« Elle me raconta être née de la mer, dans une ville portuaire où le vent salin s’abattait sans jamais s’essouffler. Enfant, elle traînait en bordure des quais, nageant dans des eaux poissonneuses et se faufilant entre les filets. Le goût salé des larmes lui était familier. Elle avait la connaissance du large ; elle savait lire les signes qui prédisent la tempête ou précèdent l’embellie.
‘Les débordements finissent toujours par s’apaiser. Tout comme les cycles lunaires commandent les marées. On n’y peut rien.’
Après plusieurs mois en compagnie de cette femme poisson, je n’avais plus le coeur à l’averse. Elle avait eu du souffle pour deux jusqu’à ce que je reprenne le mien.

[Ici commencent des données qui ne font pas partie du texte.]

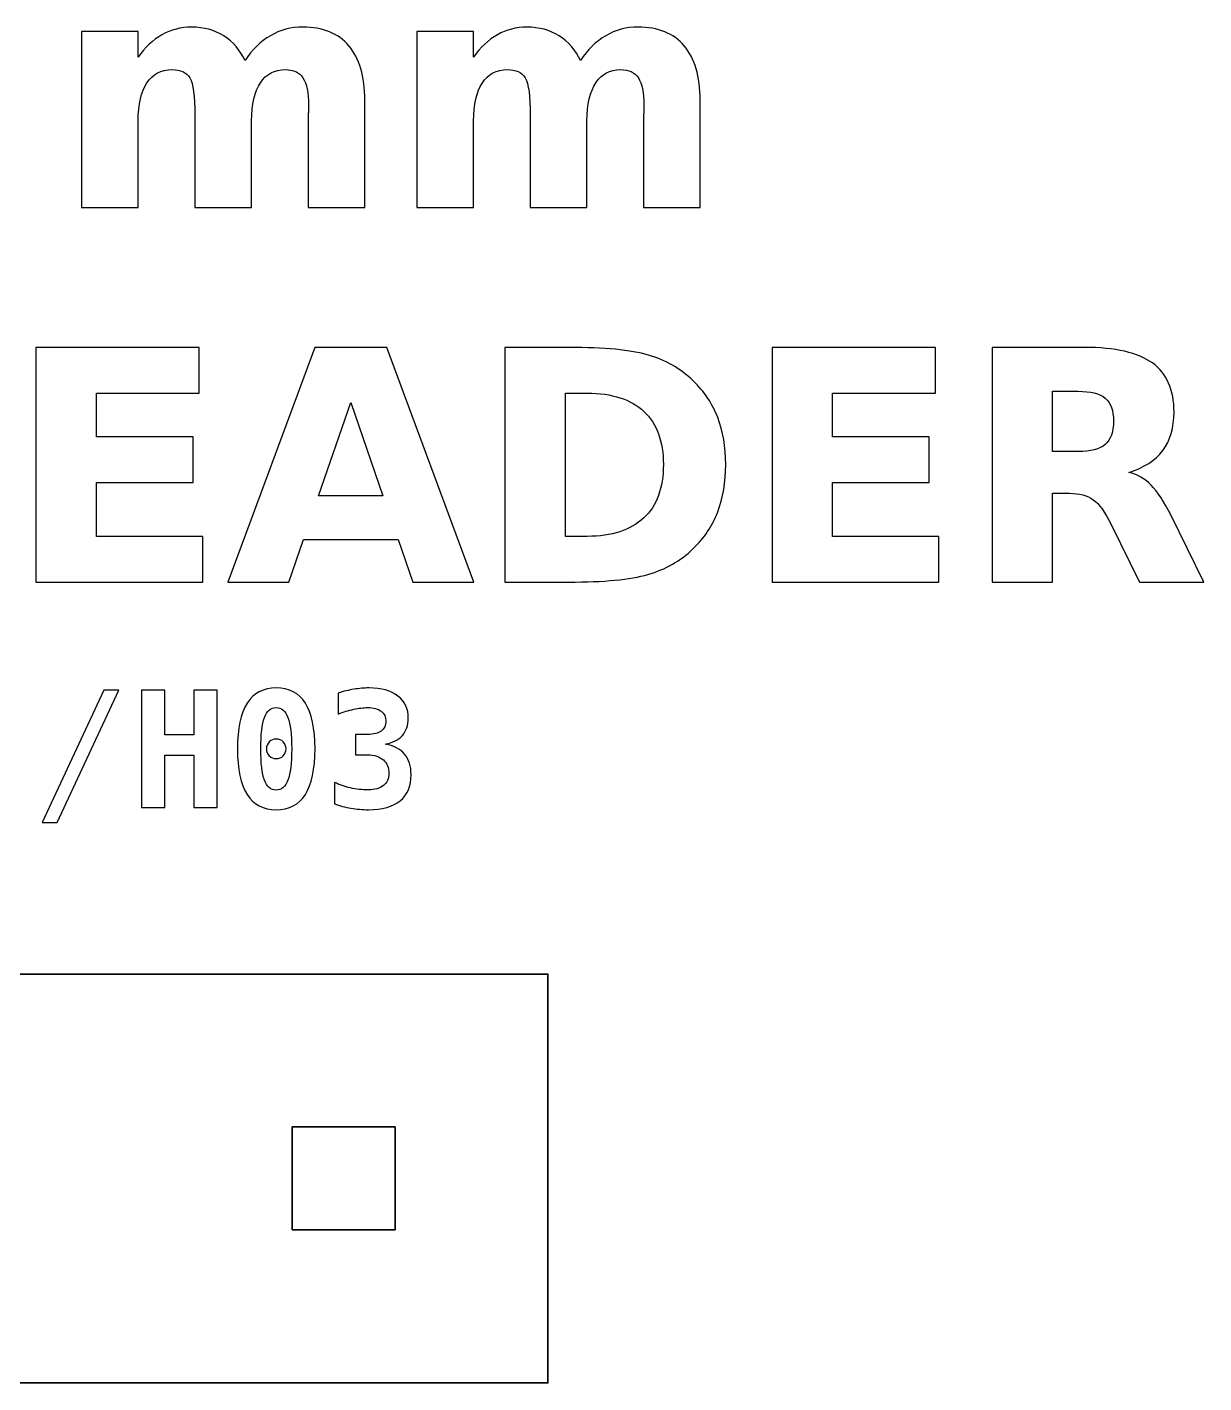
# Model space of a CAD drawing. Header units: centimetres. Extents: x -11.28 to -9.71, y -14.98 to -14.1.
# Drawn here: x -10.443 to -9.711, y -14.977 to -14.135 of the extents above; entities that cross this region are included whole.
import ezdxf

# ---------------------------------------------------------------- set-up
doc = ezdxf.new("R2010")
doc.units = ezdxf.units.CM
doc.header["$MEASUREMENT"] = 0
doc.layers.add('Layer 1', color=7, linetype='Continuous')

msp = doc.modelspace()

# ---------------------------------------------------------------- linework, layer by layer
at = {"layer": 'Layer 1', "color": 7, "lineweight": 35}
msp.add_lwpolyline([(-10.27797, -14.88197), (-10.21397, -14.88197), (-10.21397, -14.81797), (-10.27797, -14.81797), (-10.27797, -14.88197)], close=True, dxfattribs=at)
at = {"layer": 'Layer 1', "color": 250}
for points, knots in [([(-10.30721, -14.15548), (-10.30278, -14.14871), (-10.29755, -14.14355), (-10.29145, -14.14001), (-10.29145, -14.14001), (-10.28535, -14.13645), (-10.27868, -14.13468), (-10.27138, -14.13468), (-10.27138, -14.13468), (-10.25881, -14.13468), (-10.24925, -14.13855), (-10.24268, -14.14631), (-10.24268, -14.14631), (-10.23611, -14.15405), (-10.23281, -14.16531), (-10.23281, -14.18008), (-10.23281, -14.18008), (-10.23281, -14.18008), (-10.23281, -14.24668), (-10.23281, -14.24668), (-10.23281, -14.24668), (-10.23281, -14.24668), (-10.26798, -14.24668), (-10.26798, -14.24668), (-10.26798, -14.24668), (-10.26798, -14.24668), (-10.26798, -14.18965), (-10.26798, -14.18965), (-10.26798, -14.18965), (-10.26791, -14.18881), (-10.26788, -14.18795), (-10.26785, -14.18701), (-10.26785, -14.18701), (-10.26781, -14.18611), (-10.26778, -14.18481), (-10.26778, -14.18311), (-10.26778, -14.18311), (-10.26778, -14.17538), (-10.26891, -14.16975), (-10.27121, -14.16628), (-10.27121, -14.16628), (-10.27348, -14.16278), (-10.27715, -14.16105), (-10.28221, -14.16105), (-10.28221, -14.16105), (-10.28888, -14.16105), (-10.29398, -14.16378), (-10.29761, -14.16925), (-10.29761, -14.16925), (-10.30121, -14.17471), (-10.30308, -14.18261), (-10.30321, -14.19298), (-10.30321, -14.19298), (-10.30321, -14.19298), (-10.30321, -14.24668), (-10.30321, -14.24668), (-10.30321, -14.24668), (-10.30321, -14.24668), (-10.33838, -14.24668), (-10.33838, -14.24668), (-10.33838, -14.24668), (-10.33838, -14.24668), (-10.33838, -14.18965), (-10.33838, -14.18965), (-10.33838, -14.18965), (-10.33838, -14.17755), (-10.33941, -14.16975), (-10.34151, -14.16628), (-10.34151, -14.16628), (-10.34358, -14.16278), (-10.34728, -14.16105), (-10.35261, -14.16105), (-10.35261, -14.16105), (-10.35935, -14.16105), (-10.36451, -14.16381), (-10.36815, -14.16931), (-10.36815, -14.16931), (-10.37178, -14.17481), (-10.37361, -14.18265), (-10.37361, -14.19288), (-10.37361, -14.19288), (-10.37361, -14.19288), (-10.37361, -14.24668), (-10.37361, -14.24668), (-10.37361, -14.24668), (-10.37361, -14.24668), (-10.40878, -14.24668), (-10.40878, -14.24668), (-10.40878, -14.24668), (-10.40878, -14.24668), (-10.40878, -14.13731), (-10.40878, -14.13731), (-10.40878, -14.13731), (-10.40878, -14.13731), (-10.37361, -14.13731), (-10.37361, -14.13731), (-10.37361, -14.13731), (-10.37361, -14.13731), (-10.37361, -14.15335), (-10.37361, -14.15335), (-10.37361, -14.15335), (-10.36931, -14.14715), (-10.36438, -14.14251), (-10.35881, -14.13938), (-10.35881, -14.13938), (-10.35325, -14.13625), (-10.34711, -14.13468), (-10.34041, -14.13468), (-10.34041, -14.13468), (-10.33288, -14.13468), (-10.32618, -14.13651), (-10.32041, -14.14015), (-10.32041, -14.14015), (-10.31461, -14.14381), (-10.31021, -14.14891), (-10.30721, -14.15548)], [0, 0, 0, 0, 0.034483, 0.034483, 0.034483, 0.034483, 0.068966, 0.068966, 0.068966, 0.068966, 0.103448, 0.103448, 0.103448, 0.103448, 0.137931, 0.137931, 0.137931, 0.137931, 0.172414, 0.172414, 0.172414, 0.172414, 0.206897, 0.206897, 0.206897, 0.206897, 0.241379, 0.241379, 0.241379, 0.241379, 0.275862, 0.275862, 0.275862, 0.275862, 0.310345, 0.310345, 0.310345, 0.310345, 0.344828, 0.344828, 0.344828, 0.344828, 0.37931, 0.37931, 0.37931, 0.37931, 0.413793, 0.413793, 0.413793, 0.413793, 0.448276, 0.448276, 0.448276, 0.448276, 0.482759, 0.482759, 0.482759, 0.482759, 0.517241, 0.517241, 0.517241, 0.517241, 0.551724, 0.551724, 0.551724, 0.551724, 0.586207, 0.586207, 0.586207, 0.586207, 0.62069, 0.62069, 0.62069, 0.62069, 0.655172, 0.655172, 0.655172, 0.655172, 0.689655, 0.689655, 0.689655, 0.689655, 0.724138, 0.724138, 0.724138, 0.724138, 0.758621, 0.758621, 0.758621, 0.758621, 0.793103, 0.793103, 0.793103, 0.793103, 0.827586, 0.827586, 0.827586, 0.827586, 0.862069, 0.862069, 0.862069, 0.862069, 0.896552, 0.896552, 0.896552, 0.896552, 0.931034, 0.931034, 0.931034, 0.931034, 0.965517, 0.965517, 0.965517, 0.965517, 1, 1, 1, 1]), ([(-10.09881, -14.15548), (-10.09438, -14.14871), (-10.08915, -14.14355), (-10.08305, -14.14001), (-10.08305, -14.14001), (-10.07695, -14.13645), (-10.07028, -14.13468), (-10.06298, -14.13468), (-10.06298, -14.13468), (-10.05041, -14.13468), (-10.04085, -14.13855), (-10.03428, -14.14631), (-10.03428, -14.14631), (-10.02771, -14.15405), (-10.02441, -14.16531), (-10.02441, -14.18008), (-10.02441, -14.18008), (-10.02441, -14.18008), (-10.02441, -14.24668), (-10.02441, -14.24668), (-10.02441, -14.24668), (-10.02441, -14.24668), (-10.05958, -14.24668), (-10.05958, -14.24668), (-10.05958, -14.24668), (-10.05958, -14.24668), (-10.05958, -14.18965), (-10.05958, -14.18965), (-10.05958, -14.18965), (-10.05951, -14.18881), (-10.05948, -14.18795), (-10.05945, -14.18701), (-10.05945, -14.18701), (-10.05941, -14.18611), (-10.05938, -14.18481), (-10.05938, -14.18311), (-10.05938, -14.18311), (-10.05938, -14.17538), (-10.06051, -14.16975), (-10.06281, -14.16628), (-10.06281, -14.16628), (-10.06508, -14.16278), (-10.06875, -14.16105), (-10.07381, -14.16105), (-10.07381, -14.16105), (-10.08048, -14.16105), (-10.08558, -14.16378), (-10.08921, -14.16925), (-10.08921, -14.16925), (-10.09281, -14.17471), (-10.09468, -14.18261), (-10.09481, -14.19298), (-10.09481, -14.19298), (-10.09481, -14.19298), (-10.09481, -14.24668), (-10.09481, -14.24668), (-10.09481, -14.24668), (-10.09481, -14.24668), (-10.12998, -14.24668), (-10.12998, -14.24668), (-10.12998, -14.24668), (-10.12998, -14.24668), (-10.12998, -14.18965), (-10.12998, -14.18965), (-10.12998, -14.18965), (-10.12998, -14.17755), (-10.13101, -14.16975), (-10.13311, -14.16628), (-10.13311, -14.16628), (-10.13518, -14.16278), (-10.13888, -14.16105), (-10.14421, -14.16105), (-10.14421, -14.16105), (-10.15095, -14.16105), (-10.15611, -14.16381), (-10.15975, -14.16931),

Sans trop le savoir, nous étions doués pour vivre ensemble. Peu portés vers l’abondance, nous ne possédions que peu de choses. Notre barda se composait, selon nos critères, de l’essentiel.
Nous possédions le bonheur à petite échelle : le rire, un café chaud, le désir et un lit douillet.
Je m’employais chaque soir à rendre plus adhérant le mortier qui me liait à Carole. L’amour est une pâte, l’écoute et la tendresse sont les mains qui la pétrissent. Je veillais à ce que nous restions confortables, bien au chaud et à l’abri dans ce beau pétrin. » (p. 13-14)
Dépression ou pas, les sentiments humains ne chôment jamais.
Nous possédions le bonheur à petite échelle : le rire, un café chaud, le désir et un lit douillet.